Enforce a safe pattern:
- Migration 1 – Add nullable column, no default
- Add the column with
null=True and no default.
- This ensures the
ALTER TABLE ... ADD COLUMN is fast.
- Migration 2 – Set default and backfill
- For Postgres 11+:
- Use
RunSQL to set the default for new rows only, avoiding a full
table rewrite.
- For existing rows:
- Use a data migration, background job, or batched updates to set the
value in manageable chunks, ideally with
atomic = False for large
operations.
If the PR adds a non-nullable column with a default on a table that likely has
many rows, emit:
[SHOULD_FIX] or [BLOCKING] depending on table size and risk, and
describe the two-step pattern above.
6.3 Adding a volatile default (e.g.
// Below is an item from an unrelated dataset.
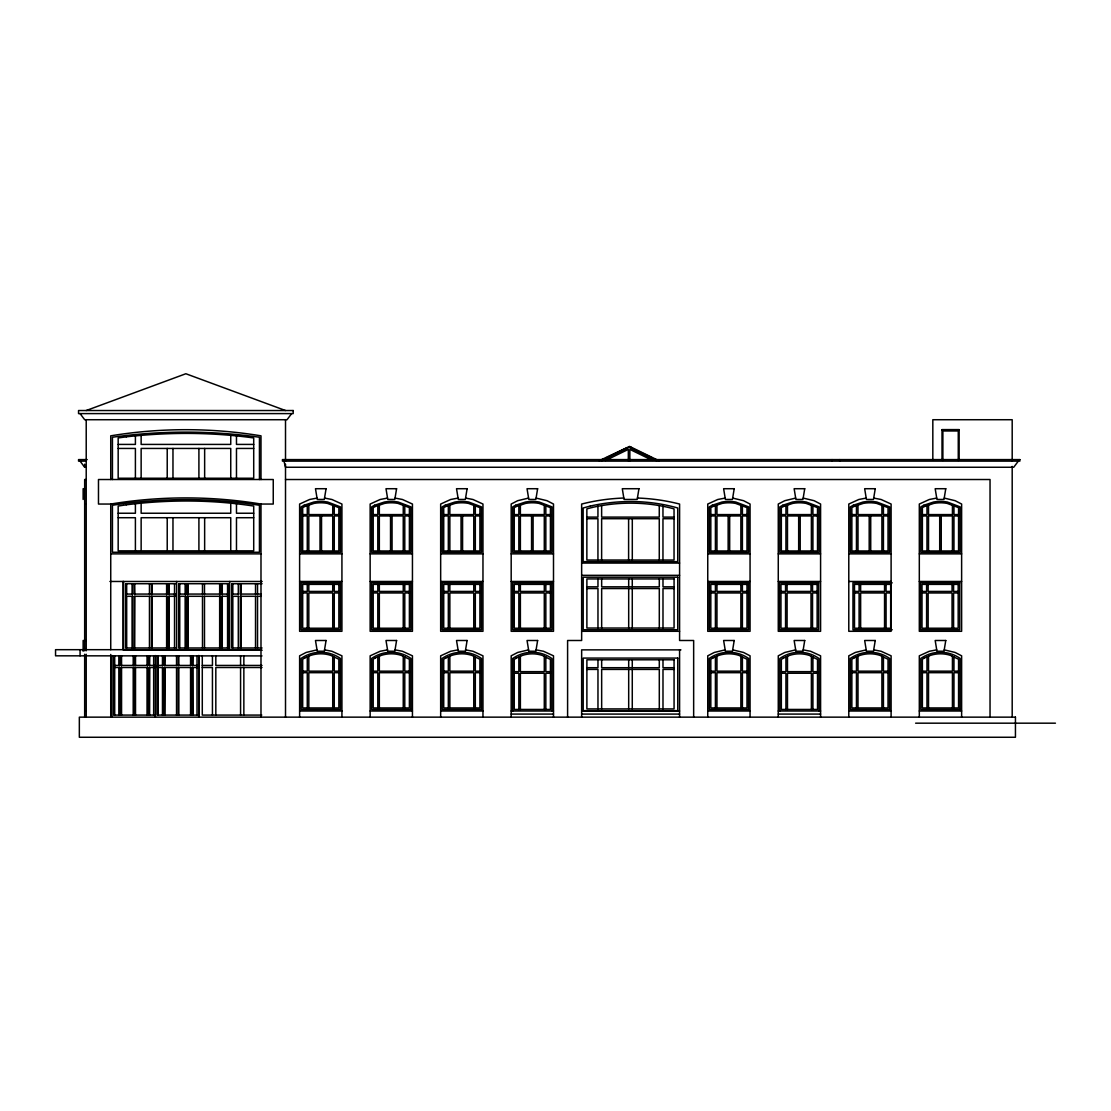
<?xml version="1.0" encoding="UTF-8"?>
<svg xmlns="http://www.w3.org/2000/svg" width="1111" height="1111" viewBox="0 0 1111 1111"><rect width="100%" height="100%" fill="white"/><g stroke="black" fill="none" stroke-linecap="round" stroke-linejoin="round"><path stroke-width="1.5" d="M630.645 448.358L631.201 447.219M653.671 459.829L654.129 458.912L657.198 460.412M291.637 413.598L287.041 419.722L84.672 419.722L80.075 413.598M1018.329 461.121L1013.718 467.259L285.513 467.259L283.985 461.121M599.246 460.69L629.534 446.4L658.934 460.69M600.982 460.412L604.051 458.912L604.509 459.829M605.731 458.107L627.201 447.677M601.537 460.704L629.09 447.33L656.643 460.704M605.578 460.454L628.326 449.399L628.326 460.662M86.214 410.528L185.856 373.74L285.513 410.528M316.996 498.089L309.622 499.492L299.623 504.047L299.623 631.298L341.924 631.298L341.924 504.047L331.925 499.492L324.551 498.089M387.517 498.089L380.143 499.492L370.144 504.047L370.144 631.298L412.445 631.298L412.445 504.047L402.446 499.492L395.072 498.089M458.038 498.089L450.663 499.492L440.664 504.047L440.664 631.298L482.966 631.298L482.966 504.047L472.967 499.492L465.592 498.089M528.558 498.089L517.67 500.7L511.185 504.047L511.185 631.298L553.5 631.298L553.5 504.047L547.001 500.7L536.113 498.089M725.136 498.089L717.762 499.492L707.749 504.047L707.749 631.298L750.064 631.298L750.064 504.047L743.578 500.7L732.677 498.089M795.657 498.089L784.769 500.7L778.269 504.047L778.269 631.298L820.585 631.298L820.585 504.047L814.099 500.7L803.211 498.089M866.177 498.089L858.803 499.492L848.79 504.047L848.79 631.298L891.105 631.298L891.105 504.047L881.106 499.492L873.732 498.089M936.698 498.089L929.324 499.492L919.311 504.047L919.311 631.298L961.626 631.298L961.626 504.047L955.141 500.7L944.253 498.089M316.996 649.866L306.108 652.463L299.623 655.823L299.623 717.15M387.517 649.866L380.143 651.268L370.144 655.823L370.144 717.15M458.038 649.866L450.663 651.268L440.664 655.823L440.664 717.15M528.558 649.866L517.67 652.463L511.185 655.823L511.185 717.15M725.136 649.866L714.248 652.463L707.749 655.823L707.749 717.15M795.657 649.866L784.769 652.463L778.269 655.823L778.269 717.15M866.177 649.866L855.289 652.463L848.79 655.823L848.79 717.15M936.698 649.866L929.324 651.268L919.311 655.823L919.311 717.15M623.826 498.061L622.382 498.089A198.605 198.605 0 0 0 581.65 504.047L581.65 640.491L567.596 640.491L567.596 717.15M942.017 429.943L959.126 429.943M118.169 444.414L135.403 444.414L135.403 435.845M253.711 444.414L236.476 444.414L236.476 435.845M118.169 448.441L135.403 448.441L135.403 478.244M253.711 448.441L236.476 448.441L236.476 478.244M87.213 459.593L78.548 459.593L78.548 461.121L86.214 461.121M80.075 461.121L84.672 467.259L86.214 467.259M86.214 479.521L84.672 479.521L84.672 650.81M285.513 479.521L990.04 479.521L990.04 717.15M84.672 488.715L83.144 488.715L83.144 499.45M84.672 504.047L86.214 504.047M110.739 504.047L98.476 504.047L98.476 479.521L273.25 479.521L273.25 504.047L260.988 504.047A463.176 463.176 0 0 0 110.739 504.047L110.739 649.685M118.169 513.24L135.403 513.24L135.403 503.714M253.711 513.24L236.476 513.24L236.476 503.714M302.678 514.587L307.275 514.587L307.275 505.38M338.869 514.587L334.258 514.587L334.258 505.38M373.199 514.587L377.809 514.587L377.809 505.38M409.39 514.587L404.779 514.587L404.779 505.38M443.72 514.587L448.33 514.587L448.33 505.38M479.91 514.587L475.314 514.587L475.314 505.38M514.24 514.587L518.851 514.587L518.851 505.38M550.431 514.587L545.834 514.587L545.834 505.38M710.818 514.587L715.415 514.587L715.415 505.38M746.995 514.587L742.398 514.587L742.398 505.38M781.339 514.587L785.935 514.587L785.935 505.38M817.515 514.587L812.919 514.587L812.919 505.38M851.859 514.587L856.456 514.587L856.456 505.38M888.036 514.587L883.439 514.587L883.439 505.38M922.38 514.587L926.977 514.587L926.977 505.38M958.571 514.587L953.96 514.587L953.96 505.38M302.678 515.948L307.275 515.948L307.275 550.973M338.869 515.948L334.258 515.948L334.258 550.973M373.199 515.948L377.809 515.948L377.809 550.973M409.39 515.948L404.779 515.948L404.779 550.973M443.72 515.948L448.33 515.948L448.33 550.973M479.91 515.948L475.314 515.948L475.314 550.973M514.24 515.948L518.851 515.948L518.851 550.973M550.431 515.948L545.834 515.948L545.834 550.973M710.818 515.948L715.415 515.948L715.415 550.973M746.995 515.948L742.398 515.948L742.398 550.973M781.339 515.948L785.935 515.948L785.935 550.973M817.515 515.948L812.919 515.948L812.919 550.973M851.859 515.948L856.456 515.948L856.456 550.973M888.036 515.948L883.439 515.948L883.439 550.973M922.38 515.948L926.977 515.948L926.977 550.973M958.571 515.948L953.96 515.948L953.96 550.973M586.858 517.101L597.94 517.101L597.94 506.227M674.044 517.101L662.961 517.101L662.961 506.227M118.169 517.712L135.403 517.712L135.403 550.848M253.711 517.712L236.476 517.712L236.476 550.848M586.858 518.712L597.94 518.712L597.94 560.027M674.044 518.712L662.961 518.712L662.961 560.027M110.739 553.875L260.988 553.875M299.623 553.875L341.924 553.875M370.144 553.875L412.445 553.875M440.664 553.875L482.966 553.875M511.185 553.875L553.5 553.875M707.749 553.875L750.064 553.875M778.269 553.875L820.585 553.875M848.79 553.875L891.105 553.875M919.311 553.875L961.626 553.875M581.65 563.069L679.585 563.069M581.65 575.331L679.585 575.331M109.92 581.47L262.154 581.47M299.623 581.47L341.924 581.47M370.144 581.47L412.445 581.47M440.664 581.47L482.966 581.47M511.185 581.47L553.5 581.47M707.749 581.47L750.064 581.47M778.269 581.47L820.585 581.47M848.79 581.47L891.105 581.47M919.311 581.47L961.626 581.47M892.216 582.844L852.97 582.844L852.97 629.756L892.216 629.756M175.455 583.719L125.654 583.719L125.654 647.977L175.455 647.977M228.491 583.719L178.69 583.719L178.69 647.977L228.491 647.977M262.071 583.719L231.713 583.719L231.713 647.977L262.071 647.977M586.886 586.83L597.968 586.83L597.968 578.928M674.071 586.83L662.989 586.83L662.989 578.928M586.886 588.552L597.968 588.552L597.968 628.048M674.071 588.552L662.989 588.552L662.989 628.048M302.678 591.427L307.275 591.427L307.275 584.372M338.869 591.427L334.258 591.427L334.258 584.372M373.199 591.427L377.809 591.427L377.809 584.372M409.39 591.427L404.779 591.427L404.779 584.372M443.72 591.427L448.33 591.427L448.33 584.372M479.91 591.427L475.314 591.427L475.314 584.372M514.24 591.427L518.851 591.427L518.851 584.372M550.431 591.427L545.834 591.427L545.834 584.372M710.818 591.427L715.415 591.427L715.415 584.372M746.995 591.427L742.398 591.427L742.398 584.372M780.964 591.427L785.56 591.427L785.56 584.372M817.14 591.427L812.544 591.427L812.544 584.372M854.498 591.427L859.095 591.427L859.095 584.372M890.675 591.427L886.078 591.427L886.078 584.372M922.005 591.427L926.602 591.427L926.602 584.372M958.182 591.427L953.585 591.427L953.585 584.372M302.678 592.968L307.275 592.968L307.275 628.229M338.869 592.968L334.258 592.968L334.258 628.229M373.199 592.968L377.809 592.968L377.809 628.229M409.39 592.968L404.779 592.968L404.779 628.229M443.72 592.968L448.33 592.968L448.33 628.229M479.91 592.968L475.314 592.968L475.314 628.229M514.24 592.968L518.851 592.968L518.851 628.229M550.431 592.968L545.834 592.968L545.834 628.229M710.818 592.968L715.415 592.968L715.415 628.229M746.995 592.968L742.398 592.968L742.398 628.229M780.964 592.968L785.56 592.968L785.56 628.229M817.14 592.968L812.544 592.968L812.544 628.229M854.498 592.968L859.095 592.968L859.095 628.229M890.675 592.968L886.078 592.968L886.078 628.229M922.005 592.968L926.602 592.968L926.602 628.229M958.182 592.968L953.585 592.968L953.585 628.229M132.778 594.066L126.015 594.066L126.015 596.301L132.778 596.301M175.455 594.066L168.691 594.066L168.691 583.719M185.995 594.066L179.052 594.066L179.052 596.301L185.995 596.301M220.381 594.066L187.328 594.066L187.328 583.719M228.491 594.066L221.728 594.066L221.728 583.719M238.851 594.066L232.088 594.066L232.088 596.301L238.851 596.301M261.321 594.066L240.365 594.066L240.365 583.719M175.455 596.301L168.691 596.301L168.691 647.977M220.381 596.301L187.328 596.301L187.328 647.977M228.491 596.301L221.728 596.301L221.728 647.977M261.321 596.301L240.365 596.301L240.365 647.977M581.65 631.298L679.585 631.298M86.214 640.491L83.144 640.491L83.144 651.227M260.988 649.685L55.55 649.685L55.55 655.823L262.002 655.907M680.918 649.866L581.65 649.866L581.65 717.15M262.154 650.227L123.585 650.227L123.585 581.47M119.794 665.433L114.058 665.433L114.058 667.503L119.794 667.503M154.665 665.433L148.93 665.433L148.93 655.907M163.136 665.433L157.387 665.433L157.387 667.503L163.136 667.503M198.008 665.433L192.259 665.433L192.259 655.907M202.285 665.433L212.437 665.433L212.437 655.907M262.002 665.433L215.826 665.433L215.826 655.907M154.665 667.503L148.93 667.503L148.93 715.081M198.008 667.503L192.259 667.503L192.259 715.081M202.285 667.503L212.437 667.503L212.437 715.081M262.002 667.503L215.826 667.503L215.826 715.081M586.886 667.711L597.968 667.711L597.968 659.795M674.071 667.711L662.989 667.711L662.989 659.795M586.886 669.419L597.968 669.419L597.968 708.915M674.071 669.419L662.989 669.419L662.989 708.915M302.678 671.155L307.275 671.155L307.275 656.712M338.869 671.155L334.258 671.155L334.258 656.712M373.199 671.155L377.809 671.155L377.809 656.712M409.39 671.155L404.779 671.155L404.779 656.712M443.72 671.155L448.33 671.155L448.33 656.712M479.91 671.155L475.314 671.155L475.314 656.712M710.818 671.155L715.415 671.155L715.415 656.712M746.995 671.155L742.398 671.155L742.398 656.712M851.859 671.155L856.456 671.155L856.456 656.712M888.036 671.155L883.439 671.155L883.439 656.712M922.38 671.155L926.977 671.155L926.977 656.712M958.571 671.155L953.96 671.155L953.96 656.712M514.24 671.655L518.851 671.655L518.851 656.823M550.431 671.655L545.834 671.655L545.834 656.823M781.339 671.655L785.935 671.655L785.935 656.823M817.515 671.655L812.919 671.655L812.919 656.823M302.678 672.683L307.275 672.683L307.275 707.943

UUID, timestamps)
For defaults that require dynamic values (e.g. generate UUIDs, timestamps):
- Warn that:
- Setting such defaults on existing rows inside an atomic migration, for a
large table, can be very slow and lock-heavy.
Recommend:
- Add the column as nullable without default.
- Backfill in batches using a non-atomic migration or out-of-band job.
- Only then, if needed, add a default for new rows.
If a PR uses a volatile default in a way that will backfill a large table
inside an atomic migration, emit:
[BLOCKING] – and propose the batched, non-atomic backfill approach.
How This Skill Should Behave in Practice
When invoked, this Skill should:
- Gather the inputs listed above (branch, PR title/description, base branch,
migration/schema summary).
- Apply each checklist in order:
- Repo-local branch and PR conventions.
- WIP & base branch.
- PR description & self-review.
- Release/hotfix flow.
- Migrations.
- Downtime-safe schema changes.
- Emit:
- A short summary paragraph.
What’s aligned bullets.
Needs changes bullets with [BLOCKING], [SHOULD_FIX], [NIT].
- Be direct and pedantic but constructive:
- Treat automation, traceability, and downtime-safety as hard
requirements, not nice-to-haves.
- Always provide specific, actionable corrections rather than vague
guidance.
- When rules are missing from the repo harness, call that out explicitly as
a documentation/tooling problem, not just a one-off nit.
Compatibility Notes
This Skill is designed to work with both Claude Code and OpenAI Codex.
- Claude Code: install the corresponding plugin and use its slash commands (see
plugins/backend-pr-workflow/commands/).
- Codex: install the Skill directory and invoke
name: backend-pr-workflow.
For installation, see this repo's README.md.